Bukowski’s screenplay, and French director Schroeder’s light touch with it, consistently finds the humor and poetry of these gutter-level lives. Bukowski doesn’t sentimentalize or apologize for anything; he also doesn’t spare us any of the grunts or groans or other bodily functions that occur in such a lifestyle. Frequently a line of dialogue will soar too poetically, as with Henry’s observation that Wanda looks like “some kinda distressed goddess,” but this becomes part of the weave of the fabric.

Schroeder and cinematographer Robby Müller manage a visual delicacy, too; in the way the afternoon light spills into the bar when the door is opened, or the cool night that surrounds Henry when he bends down to a fire hydrant to wash his face after a fight.

Faye Dunaway takes on her uncharacteristically disheveled role and comes out with her best performance in years. There’s also nice supporting work by J.C. Quinn and Frank Stallone (yes, Sylvester’s songwriter brother) as the good and bad bartenders at the Golden Horn, Henry’s hangout.
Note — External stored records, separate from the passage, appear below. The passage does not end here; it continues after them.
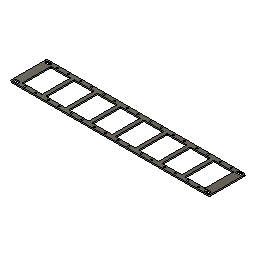
2U 19 Lasercut Bracket (PEM Nut Ready) (Autodesk Fusion 360 design; units mm, degrees)
Autodesk Fusion 360 part; units mm, degrees
sketch "Sketch1" plane through (0, 0, 0) normal (0, 0, 1) x (1, 0, 0) in component "Component"
  line L0 (241.3, 44.5) -> (-241.3, 44.5)
  line L1 (-241.3, 44.5) -> (-241.3, -44.5)
  line L2 (-241.3, -44.5) -> (241.3, -44.5)
  line L3 (241.3, -44.5) -> (241.3, 44.5)
  line L4 (241.3, 44.5) -> (-241.3, -44.5) construction
  line L5 (-241.3, 44.5) -> (241.3, -44.5) construction
  line L6 (-234.3, 34.775) -> (-228.3, 34.775)
  arc A0 (-228.3, 34.775) -> (-228.3, 41.525) centre (-228.3, 38.15) ccw
  line L7 (-228.3, 41.525) -> (-234.3, 41.525)
  arc A1 (-234.3, 41.525) -> (-234.3, 34.775) centre (-234.3, 38.15) ccw
  line L8 (-234.3, 38.15) -> (-228.3, 38.15) construction
  line L9 (-234.3, -41.525) -> (-228.3, -41.525)
  arc A2 (-228.3, -41.525) -> (-228.3, -34.775) centre (-228.3, -38.15) ccw
  line L10 (-228.3, -34.775) -> (-234.3, -34.775)
  arc A3 (-234.3, -34.775) -> (-234.3, -41.525) centre (-234.3, -38.15) ccw
  line L11 (-234.3, -38.15) -> (-228.3, -38.15) construction
  line L12 (0, 0) -> (0, -44.5) construction
  arc A4 (234.3, 34.775) -> (234.3, 41.525) centre (234.3, 38.15) ccw
  line L13 (234.3, 34.775) -> (228.3, 34.775)
  line L14 (228.3, 41.525) -> (234.3, 41.525)
  arc A5 (228.3, 41.525) -> (228.3, 34.775) centre (228.3, 38.15) ccw
  arc A6 (234.3, -41.525) -> (234.3, -34.775) centre (234.3, -38.15) ccw
  line L15 (228.3, -34.775) -> (234.3, -34.775)
  arc A7 (228.3, -34.775) -> (228.3, -41.525) centre (228.3, -38.15) ccw
  line L16 (234.3, -41.525) -> (228.3, -41.525)
  line L17 (-173.3, -34.5) -> (-221.3, -34.5)
  line L18 (-221.3, -34.5) -> (-221.3, 34.5)
  line L19 (-221.3, 34.5) -> (-173.3, 34.5)
  line L20 (-173.3, 34.5) -> (-173.3, -34.5)
  line L21 (-173.3, -34.5) -> (-221.3, 34.5) construction
  line L22 (-221.3, -34.5) -> (-173.3, 34.5) construction
  circle A8 centre (-210.3, 39.5) radius 2.125
  circle A9 centre (-184.3, 39.5) radius 2.125
  circle A10 centre (-210.3, -39.5) radius 2.125
  circle A11 centre (-184.3, -39.5) radius 2.125
  line L23 (-184.3, 39.5) -> (-210.3, 39.5) construction
  line L24 (-197.3, 39.5) -> (-197.3, 34.5) construction
  circle A12 centre (-153.9286, 39.5) radius 2.125
  circle A13 centre (-127.9286, 39.5) radius 2.125
  line L25 (-164.9286, 34.5) -> (-116.9286, 34.5)
  line L26 (-164.9286, -34.5) -> (-164.9286, 34.5)
  line L27 (-116.9286, 34.5) -> (-116.9286, -34.5)
  line L28 (-116.9286, -34.5) -> (-164.9286, -34.5)
  circle A14 centre (-153.9286, -39.5) radius 2.125
  circle A15 centre (-127.9286, -39.5) radius 2.125
  circle A16 centre (-97.5571, 39.5) radius 2.125
  circle A17 centre (-71.5571, 39.5) radius 2.125
  line L29 (-108.5571, 34.5) -> (-60.5571, 34.5)
  line L30 (-108.5571, -34.5) -> (-108.5571, 34.5)
  line L31 (-60.5571, 34.5) -> (-60.5571, -34.5)
  line L32 (-60.5571, -34.5) -> (-108.5571, -34.5)
  circle A18 centre (-97.5571, -39.5) radius 2.125
  circle A19 centre (-71.5571, -39.5) radius 2.125
  circle A20 centre (-41.1857, 39.5) radius 2.125
  circle A21 centre (-15.1857, 39.5) radius 2.125
  line L33 (-52.1857, 34.5) -> (-4.1857, 34.5)
  line L34 (-52.1857, -34.5) -> (-52.1857, 34.5)
  line L35 (-4.1857, 34.5) -> (-4.1857, -34.5)
  line L36 (-4.1857, -34.5) -> (-52.1857, -34.5)
  circle A22 centre (-41.1857, -39.5) radius 2.125
  circle A23 centre (-15.1857, -39.5) radius 2.125
  circle A24 centre (15.1857, 39.5) radius 2.125
  circle A25 centre (41.1857, 39.5) radius 2.125
  line L37 (4.1857, 34.5) -> (52.1857, 34.5)
  line L38 (4.1857, -34.5) -> (4.1857, 34.5)
  line L39 (52.1857, 34.5) -> (52.1857, -34.5)
  line L40 (52.1857, -34.5) -> (4.1857, -34.5)
  circle A26 centre (15.1857, -39.5) radius 2.125
  circle A27 centre (41.1857, -39.5) radius 2.125
  circle A28 centre (71.5571, 39.5) radius 2.125
  circle A29 centre (97.5571, 39.5) radius 2.125
  line L41 (60.5571, 34.5) -> (108.5571, 34.5)
  line L42 (60.5571, -34.5) -> (60.5571, 34.5)
  line L43 (108.5571, 34.5) -> (108.5571, -34.5)
  line L44 (108.5571, -34.5) -> (60.5571, -34.5)
  circle A30 centre (71.5571, -39.5) radius 2.125
  circle A31 centre (97.5571, -39.5) radius 2.125
  circle A32 centre (127.9286, 39.5) radius 2.125
  circle A33 centre (153.9286, 39.5) radius 2.125
  line L45 (116.9286, 34.5) -> (164.9286, 34.5)
  line L46 (116.9286, -34.5) -> (116.9286, 34.5)
  line L47 (164.9286, 34.5) -> (164.9286, -34.5)
  line L48 (164.9286, -34.5) -> (116.9286, -34.5)
  circle A34 centre (127.9286, -39.5) radius 2.125
  circle A35 centre (153.9286, -39.5) radius 2.125
  circle A36 centre (184.3, 39.5) radius 2.125
  circle A37 centre (210.3, 39.5) radius 2.125
  line L49 (173.3, 34.5) -> (221.3, 34.5)
  line L50 (173.3, -34.5) -> (173.3, 34.5)
  line L51 (221.3, 34.5) -> (221.3, -34.5)
  line L52 (221.3, -34.5) -> (173.3, -34.5)
  circle A38 centre (184.3, -39.5) radius 2.125
  circle A39 centre (210.3, -39.5) radius 2.125
  point P0 (-197.3, 0)
  dimension "d1" = 482.6
  dimension "d3" = 6.75
  dimension "d4" = 6
  dimension "d5" = 6.75
  dimension "d6" = 6.35
  dimension "d7" = 7
  dimension "d9" = 6.35
  dimension "d10" = 89
  dimension "d11" = 48
  dimension "d12" = 69
  dimension "d13" = 20
  dimension "d14" = 26
  dimension "d15" = 5
  dimension "d16" = 5
  dimension "d17" = 4.25
  dimension "d20" = 394.6
  dimension "d21" = 0
  constraint horizontal L0
  constraint perpendicular L0 L1
  constraint parallel L0 L2
  constraint parallel L1 L3
  constraint coincident L4 L12.start
  constraint coincident L5 L12.start
  constraint coincident L12.start origin
  constraint tangent L6 A0
  constraint tangent A0 L7
  constraint parallel L6 L7
  constraint tangent L7 A1
  constraint tangent L6 A1
  constraint parallel L0 L8
  constraint tangent L9 A2
  constraint tangent A2 L10
  constraint parallel L9 L10
  constraint tangent L10 A3
  constraint tangent L9 A3
  constraint parallel L2 L11
  constraint vertical A1.centre A3.centre
  constraint vertical A0.centre A2.centre
  constraint midpoint L2 L12.end
  constraint symmetric L6.start L12 A4.start
  constraint symmetric L6.end L12 L13.end
  constraint symmetric A0.end L12 L14.start
  constraint symmetric L7.end L12 A4.end
  constraint symmetric A0 L12 A5
  constraint symmetric A1 L12 A4
  constraint symmetric L9.start L12 A6.start
  constraint symmetric L9.end L12 A7.end
  constraint symmetric A2.end L12 L15.start
  constraint symmetric L10.end L12 A6.end
  constraint symmetric A2 L12 A7
  constraint symmetric A3 L12 A6
  constraint horizontal L17
  constraint perpendicular L17 L18
  constraint parallel L17 L19
  constraint parallel L18 L20
  constraint coincident L21 P0
  constraint coincident L22 P0
  constraint horizontal L12.start P0
  constraint vertical A9.centre A11.centre
  constraint vertical A8.centre A10.centre
  constraint horizontal A8.centre A9.centre
  constraint horizontal A10.centre A11.centre
  constraint coincident A9.centre L23.start
  constraint coincident A8.centre L23.end
  constraint midpoint L23 L24.start
  constraint midpoint L19 L24.end
  constraint vertical L24
  constraint equal A8 A9
  constraint equal A8 A10
  constraint equal A10 A11
  measures "d1" distance of L1.end L2.end
  measures "d3" distance of L6 L7
  measures "d4" distance of A1.centre A0.centre
  measures "d5" distance of L9 L10
  measures "d6" distance of L2 A3.centre
  measures "d7" distance of L1 A3.centre
  measures "d9" distance of L0 A1.centre
  measures "d10" distance of L0.end L1.end
  measures "d11" distance of L18.end L19.end
  measures "d12" distance of L17.end L18.end
  measures "d13" distance of L1 L18
  measures "d14" distance of A8.centre A9.centre
  measures "d15" distance of L0 A8.centre
  measures "d16" distance of L2 A10.centre
  measures "d17" diameter of A8
extrude "Extrude1" add sketch "Sketch1" along normal blind 3.175 in component "Component"
fillet "Fillet1" radius 3 4 edges at (-241.3, -44.5, 1.5875) (-241.3, 44.5, 1.5875) (241.3, 44.5, 1.5875) (241.3, -44.5, 1.5875) in component "Component"
fillet "Fillet1" radius 1 32 edges at (-221.3, 34.5, 1.5875) (-173.3, 34.5, 1.5875) (-164.9286, 34.5, 1.5875) (-116.9286, 34.5, 1.5875) (-108.5571, 34.5, 1.5875) (-52.1857, 34.5, 1.5875) (-60.5571, 34.5, 1.5875) (4.1857, 34.5, 1.5875) (-4.1857, 34.5, 1.5875) (60.5571, 34.5, 1.5875) (52.1857, 34.5, 1.5875) (108.5571, 34.5, 1.5875) (116.9286, 34.5, 1.5875) (173.3, 34.5, 1.5875) (164.9286, 34.5, 1.5875) (221.3, 34.5, 1.5875) (221.3, -34.5, 1.5875) (173.3, -34.5, 1.5875) (164.9286, -34.5, 1.5875) (116.9286, -34.5, 1.5875) (108.5571, -34.5, 1.5875) (60.5571, -34.5, 1.5875) (52.1857, -34.5, 1.5875) (4.1857, -34.5, 1.5875) (-4.1857, -34.5, 1.5875) (-52.1857, -34.5, 1.5875) (-60.5571, -34.5, 1.5875) (-108.5571, -34.5, 1.5875) (-116.9286, -34.5, 1.5875) (-164.9286, -34.5, 1.5875) (-173.3, -34.5, 1.5875) (-221.3, -34.5, 1.5875) in component "Component"
sketch "Sketch2" plane through (0, 0, 3.175) normal (0, 0, 1) x (-1, 0, 0) in component "Component"
  arc A0 (-238.3, 44.5) -> (-241.3, 41.5) centre (-238.3, 41.5) ccw
  line L0 (-241.3, 41.5) -> (-241.3, -41.5)
  arc A1 (-241.3, -41.5) -> (-238.3, -44.5) centre (-238.3, -41.5) ccw
  line L1 (-238.3, -44.5) -> (238.3, -44.5)
  arc A2 (238.3, -44.5) -> (241.3, -41.5) centre (238.3, -41.5) ccw
  line L2 (241.3, -41.5) -> (241.3, 41.5)
  arc A3 (241.3, 41.5) -> (238.3, 44.5) centre (238.3, 41.5) ccw
  line L3 (238.3, 44.5) -> (-238.3, 44.5)
  line L4 (-52.1857, -33.5) -> (-52.1857, 33.5)
  arc A4 (-51.1857, 34.5) -> (-52.1857, 33.5) centre (-51.1857, 33.5) ccw
  line L5 (-51.1857, 34.5) -> (-5.1857, 34.5)
  arc A5 (-4.1857, 33.5) -> (-5.1857, 34.5) centre (-5.1857, 33.5) ccw
  line L6 (-4.1857, 33.5) -> (-4.1857, -33.5)
  arc A6 (-5.1857, -34.5) -> (-4.1857, -33.5) centre (-5.1857, -33.5) ccw
  line L7 (-5.1857, -34.5) -> (-51.1857, -34.5)
  arc A7 (-52.1857, -33.5) -> (-51.1857, -34.5) centre (-51.1857, -33.5) ccw
  circle A8 centre (-15.1857, -39.5) radius 2.125
  circle A9 centre (-15.1857, 39.5) radius 2.125
  circle A10 centre (41.1857, 39.5) radius 2.125
  circle A11 centre (41.1857, -39.5) radius 2.125
  circle A12 centre (-184.3, -39.5) radius 2.125
  circle A13 centre (-210.3, 39.5) radius 2.125
  line L8 (-164.9286, -33.5) -> (-164.9286, 33.5)
  arc A14 (-163.9286, 34.5) -> (-164.9286, 33.5) centre (-163.9286, 33.5) ccw
  line L9 (-163.9286, 34.5) -> (-117.9286, 34.5)
  arc A15 (-116.9286, 33.5) -> (-117.9286, 34.5) centre (-117.9286, 33.5) ccw
  line L10 (-116.9286, 33.5) -> (-116.9286, -33.5)
  arc A16 (-117.9286, -34.5) -> (-116.9286, -33.5) centre (-117.9286, -33.5) ccw
  line L11 (-117.9286, -34.5) -> (-163.9286, -34.5)
  arc A17 (-164.9286, -33.5) -> (-163.9286, -34.5) centre (-163.9286, -33.5) ccw
  circle A18 centre (184.3, -39.5) radius 2.125
  line L12 (220.3, -34.5) -> (174.3, -34.5)
  arc A19 (173.3, -33.5) -> (174.3, -34.5) centre (174.3, -33.5) ccw
  line L13 (173.3, -33.5) -> (173.3, 33.5)
  arc A20 (174.3, 34.5) -> (173.3, 33.5) centre (174.3, 33.5) ccw
  line L14 (174.3, 34.5) -> (220.3, 34.5)
  arc A21 (221.3, 33.5) -> (220.3, 34.5) centre (220.3, 33.5) ccw
  line L15 (221.3, 33.5) -> (221.3, -33.5)
  arc A22 (220.3, -34.5) -> (221.3, -33.5) centre (220.3, -33.5) ccw
  circle A23 centre (127.9286, -39.5) radius 2.125
  circle A24 centre (210.3, 39.5) radius 2.125
  line L16 (4.1857, -33.5) -> (4.1857, 33.5)
  arc A25 (5.1857, 34.5) -> (4.1857, 33.5) centre (5.1857, 33.5) ccw
  line L17 (5.1857, 34.5) -> (51.1857, 34.5)
  arc A26 (52.1857, 33.5) -> (51.1857, 34.5) centre (51.1857, 33.5) ccw
  line L18 (52.1857, 33.5) -> (52.1857, -33.5)
  arc A27 (51.1857, -34.5) -> (52.1857, -33.5) centre (51.1857, -33.5) ccw
  line L19 (51.1857, -34.5) -> (5.1857, -34.5)
  arc A28 (4.1857, -33.5) -> (5.1857, -34.5) centre (5.1857, -33.5) ccw
  circle A29 centre (184.3, 39.5) radius 2.125
  circle A30 centre (210.3, -39.5) radius 2.125
  circle A31 centre (153.9286, -39.5) radius 2.125
  arc A32 (234.3, 34.775) -> (234.3, 41.525) centre (234.3, 38.15) ccw
  line L20 (234.3, 34.775) -> (228.3, 34.775)
  arc A33 (228.3, 41.525) -> (228.3, 34.775) centre (228.3, 38.15) ccw
  line L21 (228.3, 41.525) -> (234.3, 41.525)
  arc A34 (-234.3, -34.775) -> (-234.3, -41.525) centre (-234.3, -38.15) ccw
  line L22 (-234.3, -34.775) -> (-228.3, -34.775)
  arc A35 (-228.3, -41.525) -> (-228.3, -34.775) centre (-228.3, -38.15) ccw
  line L23 (-228.3, -41.525) -> (-234.3, -41.525)
  arc A36 (-228.3, 34.775) -> (-228.3, 41.525) centre (-228.3, 38.15) ccw
  line L24 (-228.3, 34.775) -> (-234.3, 34.775)
  arc A37 (-234.3, 41.525) -> (-234.3, 34.775) centre (-234.3, 38.15) ccw
  line L25 (-234.3, 41.525) -> (-228.3, 41.525)
  arc A38 (234.3, -41.525) -> (234.3, -34.775) centre (234.3, -38.15) ccw
  line L26 (234.3, -41.525) -> (228.3, -41.525)
  arc A39 (228.3, -34.775) -> (228.3, -41.525) centre (228.3, -38.15) ccw
  line L27 (228.3, -34.775) -> (234.3, -34.775)
  circle A40 centre (-153.9286, -39.5) radius 2.125
  circle A41 centre (-184.3, 39.5) radius 2.125
  line L28 (-221.3, -33.5) -> (-221.3, 33.5)
  arc A42 (-220.3, 34.5) -> (-221.3, 33.5) centre (-220.3, 33.5) ccw
  line L29 (-220.3, 34.5) -> (-174.3, 34.5)
  arc A43 (-173.3, 33.5) -> (-174.3, 34.5) centre (-174.3, 33.5) ccw
  line L30 (-173.3, 33.5) -> (-173.3, -33.5)
  arc A44 (-174.3, -34.5) -> (-173.3, -33.5) centre (-174.3, -33.5) ccw
  line L31 (-174.3, -34.5) -> (-220.3, -34.5)
  arc A45 (-221.3, -33.5) -> (-220.3, -34.5) centre (-220.3, -33.5) ccw
  circle A46 centre (-210.3, -39.5) radius 2.125
  circle A47 centre (-127.9286, -39.5) radius 2.125
  circle A48 centre (-127.9286, 39.5) radius 2.125
  circle A49 centre (-153.9286, 39.5) radius 2.125
  line L32 (60.5571, -33.5) -> (60.5571, 33.5)
  arc A50 (61.5571, 34.5) -> (60.5571, 33.5) centre (61.5571, 33.5) ccw
  line L33 (61.5571, 34.5) -> (107.5571, 34.5)
  arc A51 (108.5571, 33.5) -> (107.5571, 34.5) centre (107.5571, 33.5) ccw
  line L34 (108.5571, 33.5) -> (108.5571, -33.5)
  arc A52 (107.5571, -34.5) -> (108.5571, -33.5) centre (107.5571, -33.5) ccw
  line L35 (107.5571, -34.5) -> (61.5571, -34.5)
  arc A53 (60.5571, -33.5) -> (61.5571, -34.5) centre (61.5571, -33.5) ccw
  circle A54 centre (-97.5571, 39.5) radius 2.125
  circle A55 centre (71.5571, 39.5) radius 2.125
  circle A56 centre (-41.1857, -39.5) radius 2.125
  circle A57 centre (-71.5571, -39.5) radius 2.125
  circle A58 centre (97.5571, 39.5) radius 2.125
  line L36 (-108.5571, -33.5) -> (-108.5571, 33.5)
  arc A59 (-107.5571, 34.5) -> (-108.5571, 33.5) centre (-107.5571, 33.5) ccw
  line L37 (-107.5571, 34.5) -> (-61.5571, 34.5)
  arc A60 (-60.5571, 33.5) -> (-61.5571, 34.5) centre (-61.5571, 33.5) ccw
  line L38 (-60.5571, 33.5) -> (-60.5571, -33.5)
  arc A61 (-61.5571, -34.5) -> (-60.5571, -33.5) centre (-61.5571, -33.5) ccw
  line L39 (-61.5571, -34.5) -> (-107.5571, -34.5)
  arc A62 (-108.5571, -33.5) -> (-107.5571, -34.5) centre (-107.5571, -33.5) ccw
  circle A63 centre (-97.5571, -39.5) radius 2.125
  circle A64 centre (-71.5571, 39.5) radius 2.125
  circle A65 centre (15.1857, -39.5) radius 2.125
  circle A66 centre (-41.1857, 39.5) radius 2.125
  circle A67 centre (15.1857, 39.5) radius 2.125
  line L40 (116.9286, -33.5) -> (116.9286, 33.5)
  arc A68 (117.9286, 34.5) -> (116.9286, 33.5) centre (117.9286, 33.5) ccw
  line L41 (117.9286, 34.5) -> (163.9286, 34.5)
  arc A69 (164.9286, 33.5) -> (163.9286, 34.5) centre (163.9286, 33.5) ccw
  line L42 (164.9286, 33.5) -> (164.9286, -33.5)
  arc A70 (163.9286, -34.5) -> (164.9286, -33.5) centre (163.9286, -33.5) ccw
  line L43 (163.9286, -34.5) -> (117.9286, -34.5)
  arc A71 (116.9286, -33.5) -> (117.9286, -34.5) centre (117.9286, -33.5) ccw
  circle A72 centre (153.9286, 39.5) radius 2.125
  circle A73 centre (97.5571, -39.5) radius 2.125
  circle A74 centre (127.9286, 39.5) radius 2.125
  circle A75 centre (71.5571, -39.5) radius 2.125
component "Component" placed x (1, 0, 0) y (0, 1, 0) z (0, 0, 1) at (0, 0, 0)
equation "d5 = d3"
equation "d9 = d6"
equation "d16 = d15"

And Mickey Rourke…well, Mickey Rourke has got to be seen in this one. We know about Rourke’s penchant for roles that are grungy and unkempt, as evidenced lately in Angel Heart and A Prayer for the Dying. But Rourke gets something completely new here, a wholecloth performance of rolling gait, bruised knuckles, and lilting speech. His line delivery is a singsong that plays devilish tricks on your expectations of how dialogue should be read, and also suggests a background of hurt and humor for his character. You may love or hate this performance, but either way it’s a remarkable piece of acting.

First published in the Herald, October 1987

I feel pretty good about this review. There must be some kind of story about how Faye Dunaway got into this unlikely project, and I do not know what that is. Man, you see Rourke’s inventive work here and wonder what might have been.